Come l'automazione robotica e gli adesivi digitali stanno ridefinendo la produzione di abbigliamento
Il settore dell'abbigliamento sta subendo una rivoluzione grazie all'automazione robotica e agli adesivi digitali. Aziende come CreateMe stanno sostituendo la cucitura tradizionale con l'assemblaggio basato su adesivi, che è più veloce e meno dipendente da manodopera qualificata. Questa nuova tecnologia consente una produzione localizzata e su richiesta, riducendo in modo significativo l'impatto ambientale del settore e promuovendo un futuro più sostenibile.
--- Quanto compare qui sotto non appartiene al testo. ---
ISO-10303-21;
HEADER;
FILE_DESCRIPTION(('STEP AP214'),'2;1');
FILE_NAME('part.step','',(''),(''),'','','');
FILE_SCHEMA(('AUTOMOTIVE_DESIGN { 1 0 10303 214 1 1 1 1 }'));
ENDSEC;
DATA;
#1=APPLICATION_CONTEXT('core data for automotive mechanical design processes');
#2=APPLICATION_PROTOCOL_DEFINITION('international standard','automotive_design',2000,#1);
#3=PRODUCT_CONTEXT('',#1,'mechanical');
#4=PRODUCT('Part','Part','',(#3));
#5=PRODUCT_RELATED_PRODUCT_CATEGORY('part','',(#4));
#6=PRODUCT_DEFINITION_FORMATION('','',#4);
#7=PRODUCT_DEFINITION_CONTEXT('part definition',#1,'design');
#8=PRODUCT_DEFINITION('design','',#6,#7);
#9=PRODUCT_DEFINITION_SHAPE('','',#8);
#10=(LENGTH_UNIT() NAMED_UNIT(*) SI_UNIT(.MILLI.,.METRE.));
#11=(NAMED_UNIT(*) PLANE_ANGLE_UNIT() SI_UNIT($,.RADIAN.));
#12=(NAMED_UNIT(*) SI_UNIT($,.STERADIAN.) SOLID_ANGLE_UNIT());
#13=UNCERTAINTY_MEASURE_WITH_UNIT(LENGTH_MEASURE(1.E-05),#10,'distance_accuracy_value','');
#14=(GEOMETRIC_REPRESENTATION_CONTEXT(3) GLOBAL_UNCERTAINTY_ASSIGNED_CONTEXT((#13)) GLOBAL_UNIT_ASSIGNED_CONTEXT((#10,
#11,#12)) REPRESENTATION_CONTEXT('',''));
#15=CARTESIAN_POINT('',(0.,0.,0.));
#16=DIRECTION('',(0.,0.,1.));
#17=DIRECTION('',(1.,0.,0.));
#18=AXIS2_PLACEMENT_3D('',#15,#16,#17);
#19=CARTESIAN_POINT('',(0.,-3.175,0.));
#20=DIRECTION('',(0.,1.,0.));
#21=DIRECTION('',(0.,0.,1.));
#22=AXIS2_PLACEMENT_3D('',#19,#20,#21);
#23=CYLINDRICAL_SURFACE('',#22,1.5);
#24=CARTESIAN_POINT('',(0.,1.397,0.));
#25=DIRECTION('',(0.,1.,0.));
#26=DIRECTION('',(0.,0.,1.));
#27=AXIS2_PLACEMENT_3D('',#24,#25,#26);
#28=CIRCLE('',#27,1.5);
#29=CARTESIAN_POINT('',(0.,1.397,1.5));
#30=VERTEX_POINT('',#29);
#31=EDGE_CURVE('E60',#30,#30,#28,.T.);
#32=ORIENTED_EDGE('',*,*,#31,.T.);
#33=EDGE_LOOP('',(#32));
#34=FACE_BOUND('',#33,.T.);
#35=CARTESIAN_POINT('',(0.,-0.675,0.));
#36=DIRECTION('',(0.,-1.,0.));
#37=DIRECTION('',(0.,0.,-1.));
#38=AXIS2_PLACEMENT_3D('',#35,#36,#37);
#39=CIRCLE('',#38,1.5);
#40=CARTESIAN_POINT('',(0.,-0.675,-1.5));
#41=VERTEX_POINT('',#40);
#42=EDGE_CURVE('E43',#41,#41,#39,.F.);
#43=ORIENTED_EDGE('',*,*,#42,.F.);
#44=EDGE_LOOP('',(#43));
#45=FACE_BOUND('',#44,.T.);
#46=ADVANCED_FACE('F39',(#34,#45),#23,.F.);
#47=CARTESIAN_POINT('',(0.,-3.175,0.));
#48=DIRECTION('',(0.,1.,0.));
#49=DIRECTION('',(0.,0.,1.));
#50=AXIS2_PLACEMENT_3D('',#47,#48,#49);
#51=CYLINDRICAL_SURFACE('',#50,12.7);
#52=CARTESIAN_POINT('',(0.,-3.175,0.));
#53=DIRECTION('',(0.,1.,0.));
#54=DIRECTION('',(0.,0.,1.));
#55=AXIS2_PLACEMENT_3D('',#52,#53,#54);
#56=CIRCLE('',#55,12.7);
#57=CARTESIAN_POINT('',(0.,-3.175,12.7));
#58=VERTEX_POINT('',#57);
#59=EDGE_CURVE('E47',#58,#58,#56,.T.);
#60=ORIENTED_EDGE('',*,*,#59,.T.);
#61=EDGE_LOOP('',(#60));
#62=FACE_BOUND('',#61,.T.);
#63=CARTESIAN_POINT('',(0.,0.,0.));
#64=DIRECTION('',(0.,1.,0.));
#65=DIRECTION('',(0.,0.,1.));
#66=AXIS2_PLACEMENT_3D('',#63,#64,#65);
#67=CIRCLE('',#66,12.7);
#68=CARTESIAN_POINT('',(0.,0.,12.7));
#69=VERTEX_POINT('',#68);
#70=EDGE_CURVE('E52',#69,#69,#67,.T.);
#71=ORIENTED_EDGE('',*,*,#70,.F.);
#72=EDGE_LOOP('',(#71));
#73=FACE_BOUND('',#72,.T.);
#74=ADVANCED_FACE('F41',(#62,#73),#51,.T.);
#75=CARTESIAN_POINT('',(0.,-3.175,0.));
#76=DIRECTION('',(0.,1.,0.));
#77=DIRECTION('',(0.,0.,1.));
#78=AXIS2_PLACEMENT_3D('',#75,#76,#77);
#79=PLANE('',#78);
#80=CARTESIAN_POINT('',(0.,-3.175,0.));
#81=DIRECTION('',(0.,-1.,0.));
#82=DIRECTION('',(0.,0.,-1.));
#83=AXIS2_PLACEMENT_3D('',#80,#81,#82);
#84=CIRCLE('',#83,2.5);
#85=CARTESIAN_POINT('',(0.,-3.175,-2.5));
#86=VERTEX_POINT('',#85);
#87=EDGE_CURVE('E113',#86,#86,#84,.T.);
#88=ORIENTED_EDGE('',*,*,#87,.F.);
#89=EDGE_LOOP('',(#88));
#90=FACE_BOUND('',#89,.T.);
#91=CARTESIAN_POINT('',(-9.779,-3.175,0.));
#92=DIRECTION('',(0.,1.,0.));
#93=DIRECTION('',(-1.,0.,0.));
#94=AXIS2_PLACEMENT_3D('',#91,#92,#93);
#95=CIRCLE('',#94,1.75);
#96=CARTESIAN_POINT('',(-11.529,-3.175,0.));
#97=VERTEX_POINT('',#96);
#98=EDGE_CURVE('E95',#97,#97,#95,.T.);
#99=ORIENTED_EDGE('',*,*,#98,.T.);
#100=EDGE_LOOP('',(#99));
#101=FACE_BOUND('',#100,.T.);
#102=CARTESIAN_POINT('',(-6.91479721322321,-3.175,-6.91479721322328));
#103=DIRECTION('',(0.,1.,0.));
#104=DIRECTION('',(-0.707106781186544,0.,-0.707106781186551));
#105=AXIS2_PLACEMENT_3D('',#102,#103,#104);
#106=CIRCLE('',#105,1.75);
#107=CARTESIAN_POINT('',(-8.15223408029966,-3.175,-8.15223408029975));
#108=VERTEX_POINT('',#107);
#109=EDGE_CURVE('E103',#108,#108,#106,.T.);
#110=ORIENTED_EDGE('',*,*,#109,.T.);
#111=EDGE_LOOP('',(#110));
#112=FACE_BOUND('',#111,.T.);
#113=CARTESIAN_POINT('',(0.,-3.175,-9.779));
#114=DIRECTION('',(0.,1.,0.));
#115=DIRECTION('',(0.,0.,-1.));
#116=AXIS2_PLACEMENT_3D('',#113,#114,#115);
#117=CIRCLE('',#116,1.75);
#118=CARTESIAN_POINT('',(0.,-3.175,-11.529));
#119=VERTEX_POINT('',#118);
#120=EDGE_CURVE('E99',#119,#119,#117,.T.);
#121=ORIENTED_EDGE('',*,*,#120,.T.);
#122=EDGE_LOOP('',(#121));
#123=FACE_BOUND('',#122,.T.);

Per decenni, l'industria dell'abbigliamento si è basata su una catena di approvvigionamento globale complessa, alimentata dal lavoro manuale. Il ronzio delle macchine da cucire è la colonna sonora per eccellenza della produzione di moda. Tuttavia, questo modello tradizionale sta cedendo sotto il peso delle esigenze moderne: la necessità di velocità, sostenibilità e manodopera qualificata. Mentre l'industria è alle prese con un significativo deficit di competenze, un elevato turnover del personale e il costo ambientale della sovrapproduzione, emerge una nuova domanda: e se potessimo realizzare capi di abbigliamento senza un solo punto di cucitura?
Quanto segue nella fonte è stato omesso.